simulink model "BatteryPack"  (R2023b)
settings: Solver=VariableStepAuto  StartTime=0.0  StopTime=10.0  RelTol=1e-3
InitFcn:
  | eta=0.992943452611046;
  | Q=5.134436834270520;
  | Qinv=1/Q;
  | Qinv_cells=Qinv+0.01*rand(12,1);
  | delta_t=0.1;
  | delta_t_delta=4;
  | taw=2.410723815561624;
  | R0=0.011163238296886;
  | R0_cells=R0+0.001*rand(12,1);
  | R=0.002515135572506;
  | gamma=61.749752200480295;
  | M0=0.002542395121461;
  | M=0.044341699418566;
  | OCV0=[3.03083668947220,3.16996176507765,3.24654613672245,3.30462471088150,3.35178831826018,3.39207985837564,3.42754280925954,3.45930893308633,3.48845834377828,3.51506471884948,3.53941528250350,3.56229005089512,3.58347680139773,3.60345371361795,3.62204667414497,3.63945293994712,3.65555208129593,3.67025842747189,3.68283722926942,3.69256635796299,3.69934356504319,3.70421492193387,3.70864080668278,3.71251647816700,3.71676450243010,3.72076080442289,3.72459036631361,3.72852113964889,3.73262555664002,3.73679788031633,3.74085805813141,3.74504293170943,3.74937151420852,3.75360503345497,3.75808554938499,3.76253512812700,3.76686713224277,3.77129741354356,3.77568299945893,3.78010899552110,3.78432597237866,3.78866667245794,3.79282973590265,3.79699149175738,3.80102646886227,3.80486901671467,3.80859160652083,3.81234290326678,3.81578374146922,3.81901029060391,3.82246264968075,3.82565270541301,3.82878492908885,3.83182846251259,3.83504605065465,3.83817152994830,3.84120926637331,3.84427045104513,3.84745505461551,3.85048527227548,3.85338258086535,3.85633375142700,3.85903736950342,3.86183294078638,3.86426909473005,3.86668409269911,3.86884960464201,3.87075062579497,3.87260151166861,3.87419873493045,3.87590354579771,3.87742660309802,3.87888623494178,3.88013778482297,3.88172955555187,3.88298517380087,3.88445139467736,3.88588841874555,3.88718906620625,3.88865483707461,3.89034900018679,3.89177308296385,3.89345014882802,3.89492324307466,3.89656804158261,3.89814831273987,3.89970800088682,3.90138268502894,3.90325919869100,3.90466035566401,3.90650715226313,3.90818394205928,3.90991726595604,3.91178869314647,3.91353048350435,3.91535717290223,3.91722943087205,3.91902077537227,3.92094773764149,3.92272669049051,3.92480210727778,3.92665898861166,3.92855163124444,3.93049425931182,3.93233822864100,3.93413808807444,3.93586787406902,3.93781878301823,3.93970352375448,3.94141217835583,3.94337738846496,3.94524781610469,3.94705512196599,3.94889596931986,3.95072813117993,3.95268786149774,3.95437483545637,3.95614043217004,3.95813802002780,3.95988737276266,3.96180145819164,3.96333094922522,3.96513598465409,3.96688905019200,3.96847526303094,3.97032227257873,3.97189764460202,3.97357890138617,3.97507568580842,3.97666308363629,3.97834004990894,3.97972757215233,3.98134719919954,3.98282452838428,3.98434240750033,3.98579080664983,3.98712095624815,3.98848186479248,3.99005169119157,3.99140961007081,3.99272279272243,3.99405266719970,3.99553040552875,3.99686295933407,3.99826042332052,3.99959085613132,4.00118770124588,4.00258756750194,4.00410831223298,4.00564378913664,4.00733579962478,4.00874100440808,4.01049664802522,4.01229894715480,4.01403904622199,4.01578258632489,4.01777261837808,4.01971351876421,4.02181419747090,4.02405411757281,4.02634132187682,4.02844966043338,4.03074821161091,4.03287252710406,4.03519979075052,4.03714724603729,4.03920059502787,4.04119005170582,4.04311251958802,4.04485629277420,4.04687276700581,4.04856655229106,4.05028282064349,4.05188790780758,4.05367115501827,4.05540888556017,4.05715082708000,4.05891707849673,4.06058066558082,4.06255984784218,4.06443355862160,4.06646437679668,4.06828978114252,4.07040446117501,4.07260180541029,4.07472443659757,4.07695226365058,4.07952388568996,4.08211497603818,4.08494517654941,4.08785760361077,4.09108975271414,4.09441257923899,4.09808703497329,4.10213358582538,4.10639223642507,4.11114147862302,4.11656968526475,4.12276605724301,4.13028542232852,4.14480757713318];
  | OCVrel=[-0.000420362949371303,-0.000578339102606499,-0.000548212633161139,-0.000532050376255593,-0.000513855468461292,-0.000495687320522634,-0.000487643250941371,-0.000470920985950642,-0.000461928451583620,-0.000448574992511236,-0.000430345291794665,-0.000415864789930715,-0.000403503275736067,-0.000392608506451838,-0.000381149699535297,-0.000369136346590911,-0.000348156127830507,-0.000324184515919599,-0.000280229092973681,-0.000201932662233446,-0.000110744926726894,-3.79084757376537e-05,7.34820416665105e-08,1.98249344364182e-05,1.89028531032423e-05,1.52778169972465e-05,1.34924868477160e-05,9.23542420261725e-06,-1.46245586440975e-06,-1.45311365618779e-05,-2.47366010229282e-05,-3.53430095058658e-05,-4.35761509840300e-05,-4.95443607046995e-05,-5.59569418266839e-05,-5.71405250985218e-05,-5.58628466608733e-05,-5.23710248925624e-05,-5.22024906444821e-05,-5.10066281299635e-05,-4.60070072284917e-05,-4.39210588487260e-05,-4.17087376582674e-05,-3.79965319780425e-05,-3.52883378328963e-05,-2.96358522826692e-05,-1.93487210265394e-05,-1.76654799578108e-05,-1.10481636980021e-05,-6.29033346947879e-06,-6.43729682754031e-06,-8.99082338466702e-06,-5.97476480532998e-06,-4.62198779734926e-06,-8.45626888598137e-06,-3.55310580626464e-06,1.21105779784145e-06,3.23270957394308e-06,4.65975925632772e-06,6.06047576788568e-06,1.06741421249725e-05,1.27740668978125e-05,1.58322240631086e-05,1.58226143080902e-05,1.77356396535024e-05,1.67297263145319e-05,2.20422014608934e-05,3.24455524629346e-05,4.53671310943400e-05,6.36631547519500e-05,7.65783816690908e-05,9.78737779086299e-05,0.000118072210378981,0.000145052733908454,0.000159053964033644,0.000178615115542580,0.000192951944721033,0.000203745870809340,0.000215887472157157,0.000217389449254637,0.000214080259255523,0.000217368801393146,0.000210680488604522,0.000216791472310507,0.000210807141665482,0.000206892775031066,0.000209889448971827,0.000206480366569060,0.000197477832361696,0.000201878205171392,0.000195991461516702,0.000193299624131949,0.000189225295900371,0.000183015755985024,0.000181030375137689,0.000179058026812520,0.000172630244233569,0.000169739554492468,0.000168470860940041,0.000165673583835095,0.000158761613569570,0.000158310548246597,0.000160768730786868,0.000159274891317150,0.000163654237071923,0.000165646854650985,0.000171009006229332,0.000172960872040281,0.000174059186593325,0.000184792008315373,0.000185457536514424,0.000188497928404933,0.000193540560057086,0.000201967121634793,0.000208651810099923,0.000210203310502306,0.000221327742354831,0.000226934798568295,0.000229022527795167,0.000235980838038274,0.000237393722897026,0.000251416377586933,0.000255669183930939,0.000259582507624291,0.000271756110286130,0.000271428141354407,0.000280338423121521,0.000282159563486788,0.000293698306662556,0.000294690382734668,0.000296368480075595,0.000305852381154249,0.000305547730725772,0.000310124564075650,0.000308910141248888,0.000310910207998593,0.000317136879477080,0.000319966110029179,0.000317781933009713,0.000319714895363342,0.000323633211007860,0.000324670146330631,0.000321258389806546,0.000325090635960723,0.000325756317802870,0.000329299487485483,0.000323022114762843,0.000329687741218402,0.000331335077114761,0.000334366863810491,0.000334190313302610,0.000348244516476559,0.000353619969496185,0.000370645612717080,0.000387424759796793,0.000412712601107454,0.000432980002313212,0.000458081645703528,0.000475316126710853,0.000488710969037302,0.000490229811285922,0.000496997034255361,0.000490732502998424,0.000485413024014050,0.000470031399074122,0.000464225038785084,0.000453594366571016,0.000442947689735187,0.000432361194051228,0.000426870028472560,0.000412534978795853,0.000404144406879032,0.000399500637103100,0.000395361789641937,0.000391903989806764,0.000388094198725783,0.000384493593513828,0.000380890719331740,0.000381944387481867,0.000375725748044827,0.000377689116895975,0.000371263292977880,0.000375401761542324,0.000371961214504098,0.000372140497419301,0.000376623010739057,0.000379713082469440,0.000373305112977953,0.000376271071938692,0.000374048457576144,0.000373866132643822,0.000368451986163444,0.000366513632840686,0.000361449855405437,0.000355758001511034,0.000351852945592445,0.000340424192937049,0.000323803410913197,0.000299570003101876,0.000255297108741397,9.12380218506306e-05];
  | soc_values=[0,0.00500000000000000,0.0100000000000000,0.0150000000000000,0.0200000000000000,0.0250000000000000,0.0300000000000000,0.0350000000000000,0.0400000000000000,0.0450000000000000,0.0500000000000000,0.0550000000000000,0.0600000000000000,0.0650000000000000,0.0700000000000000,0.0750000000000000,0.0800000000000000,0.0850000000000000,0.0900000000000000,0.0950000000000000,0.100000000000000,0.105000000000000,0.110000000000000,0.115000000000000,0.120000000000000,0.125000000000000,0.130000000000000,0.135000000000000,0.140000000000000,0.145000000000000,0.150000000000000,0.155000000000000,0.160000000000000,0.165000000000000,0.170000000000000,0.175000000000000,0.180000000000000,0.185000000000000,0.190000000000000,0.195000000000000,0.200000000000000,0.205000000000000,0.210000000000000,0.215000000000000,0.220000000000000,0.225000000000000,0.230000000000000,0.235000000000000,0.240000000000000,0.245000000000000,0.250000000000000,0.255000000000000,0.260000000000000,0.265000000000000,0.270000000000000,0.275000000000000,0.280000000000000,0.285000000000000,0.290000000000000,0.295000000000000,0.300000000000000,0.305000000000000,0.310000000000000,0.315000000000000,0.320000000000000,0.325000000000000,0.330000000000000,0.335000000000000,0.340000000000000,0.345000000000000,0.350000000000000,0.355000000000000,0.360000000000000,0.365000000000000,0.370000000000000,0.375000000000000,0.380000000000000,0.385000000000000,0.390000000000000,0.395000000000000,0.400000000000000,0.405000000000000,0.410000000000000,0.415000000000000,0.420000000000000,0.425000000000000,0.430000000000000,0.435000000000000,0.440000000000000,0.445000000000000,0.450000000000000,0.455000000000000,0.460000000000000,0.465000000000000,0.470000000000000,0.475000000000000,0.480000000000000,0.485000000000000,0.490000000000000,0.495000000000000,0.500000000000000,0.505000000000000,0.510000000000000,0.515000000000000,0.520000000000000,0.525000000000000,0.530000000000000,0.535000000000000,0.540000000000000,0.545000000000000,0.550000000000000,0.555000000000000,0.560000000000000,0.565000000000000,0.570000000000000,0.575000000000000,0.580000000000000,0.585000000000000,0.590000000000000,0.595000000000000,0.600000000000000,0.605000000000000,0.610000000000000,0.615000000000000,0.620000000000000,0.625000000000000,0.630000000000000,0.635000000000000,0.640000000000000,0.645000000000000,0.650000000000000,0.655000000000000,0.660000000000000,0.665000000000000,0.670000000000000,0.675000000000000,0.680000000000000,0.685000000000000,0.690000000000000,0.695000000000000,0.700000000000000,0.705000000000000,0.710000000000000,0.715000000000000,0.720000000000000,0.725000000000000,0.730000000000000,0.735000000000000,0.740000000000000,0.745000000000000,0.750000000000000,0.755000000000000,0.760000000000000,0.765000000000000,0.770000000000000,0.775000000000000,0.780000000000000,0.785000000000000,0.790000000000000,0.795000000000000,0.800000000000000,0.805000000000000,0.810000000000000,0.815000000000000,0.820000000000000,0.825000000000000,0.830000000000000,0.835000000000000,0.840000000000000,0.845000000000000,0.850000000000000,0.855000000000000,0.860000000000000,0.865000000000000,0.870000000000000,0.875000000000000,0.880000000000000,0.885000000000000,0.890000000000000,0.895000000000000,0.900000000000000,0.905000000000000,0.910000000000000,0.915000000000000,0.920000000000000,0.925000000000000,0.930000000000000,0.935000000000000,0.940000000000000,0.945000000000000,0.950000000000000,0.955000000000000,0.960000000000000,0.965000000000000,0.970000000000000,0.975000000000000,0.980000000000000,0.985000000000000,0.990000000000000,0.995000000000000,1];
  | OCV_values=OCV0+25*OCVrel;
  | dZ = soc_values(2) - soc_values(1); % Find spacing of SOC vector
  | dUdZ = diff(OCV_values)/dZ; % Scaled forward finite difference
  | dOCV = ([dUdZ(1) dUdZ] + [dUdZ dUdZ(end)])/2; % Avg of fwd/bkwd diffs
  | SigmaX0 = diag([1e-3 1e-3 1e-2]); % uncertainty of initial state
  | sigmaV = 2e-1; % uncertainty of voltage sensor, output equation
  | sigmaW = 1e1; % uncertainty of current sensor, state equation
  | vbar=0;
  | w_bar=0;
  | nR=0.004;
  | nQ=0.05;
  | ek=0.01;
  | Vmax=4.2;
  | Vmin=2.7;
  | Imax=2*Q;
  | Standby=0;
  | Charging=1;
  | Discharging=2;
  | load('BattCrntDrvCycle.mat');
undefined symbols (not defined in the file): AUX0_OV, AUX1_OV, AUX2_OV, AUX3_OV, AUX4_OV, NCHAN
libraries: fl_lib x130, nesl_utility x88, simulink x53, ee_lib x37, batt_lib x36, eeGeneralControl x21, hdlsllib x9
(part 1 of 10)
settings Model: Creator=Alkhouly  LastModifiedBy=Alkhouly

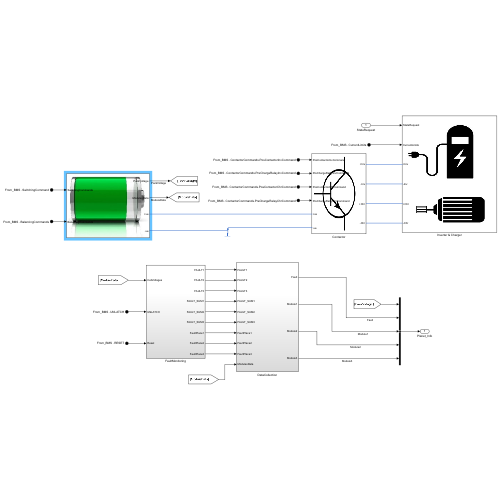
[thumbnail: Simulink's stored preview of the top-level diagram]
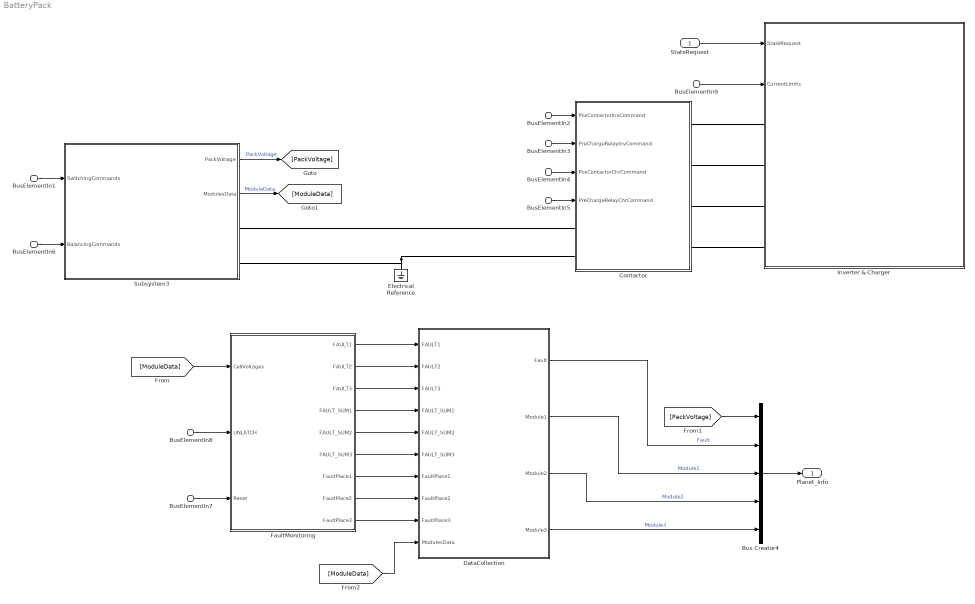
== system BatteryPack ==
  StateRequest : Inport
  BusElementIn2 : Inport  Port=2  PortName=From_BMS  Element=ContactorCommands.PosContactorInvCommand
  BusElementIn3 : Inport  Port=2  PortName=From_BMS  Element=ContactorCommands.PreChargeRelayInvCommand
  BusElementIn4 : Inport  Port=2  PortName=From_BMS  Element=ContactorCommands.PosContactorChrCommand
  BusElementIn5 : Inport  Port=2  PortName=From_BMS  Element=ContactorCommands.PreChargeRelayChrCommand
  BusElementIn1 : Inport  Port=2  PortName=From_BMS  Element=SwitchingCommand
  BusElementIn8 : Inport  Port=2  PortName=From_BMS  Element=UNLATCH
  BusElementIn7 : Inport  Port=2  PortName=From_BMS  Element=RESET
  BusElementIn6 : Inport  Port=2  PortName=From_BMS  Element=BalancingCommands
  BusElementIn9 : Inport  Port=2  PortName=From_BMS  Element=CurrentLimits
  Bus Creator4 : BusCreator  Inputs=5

**WHAT YOU WILL DO**
Your answer should be the lines from the one containing "BusElementIn1 : Inport" through the last line of the records, repeated exactly and with nothing added.

**EXERCISE SOLUTION**
  BusElementIn1 : Inport  Port=2  PortName=From_BMS  Element=SwitchingCommand
  BusElementIn8 : Inport  Port=2  PortName=From_BMS  Element=UNLATCH
  BusElementIn7 : Inport  Port=2  PortName=From_BMS  Element=RESET
  BusElementIn6 : Inport  Port=2  PortName=From_BMS  Element=BalancingCommands
  BusElementIn9 : Inport  Port=2  PortName=From_BMS  Element=CurrentLimits
  Bus Creator4 : BusCreator  Inputs=5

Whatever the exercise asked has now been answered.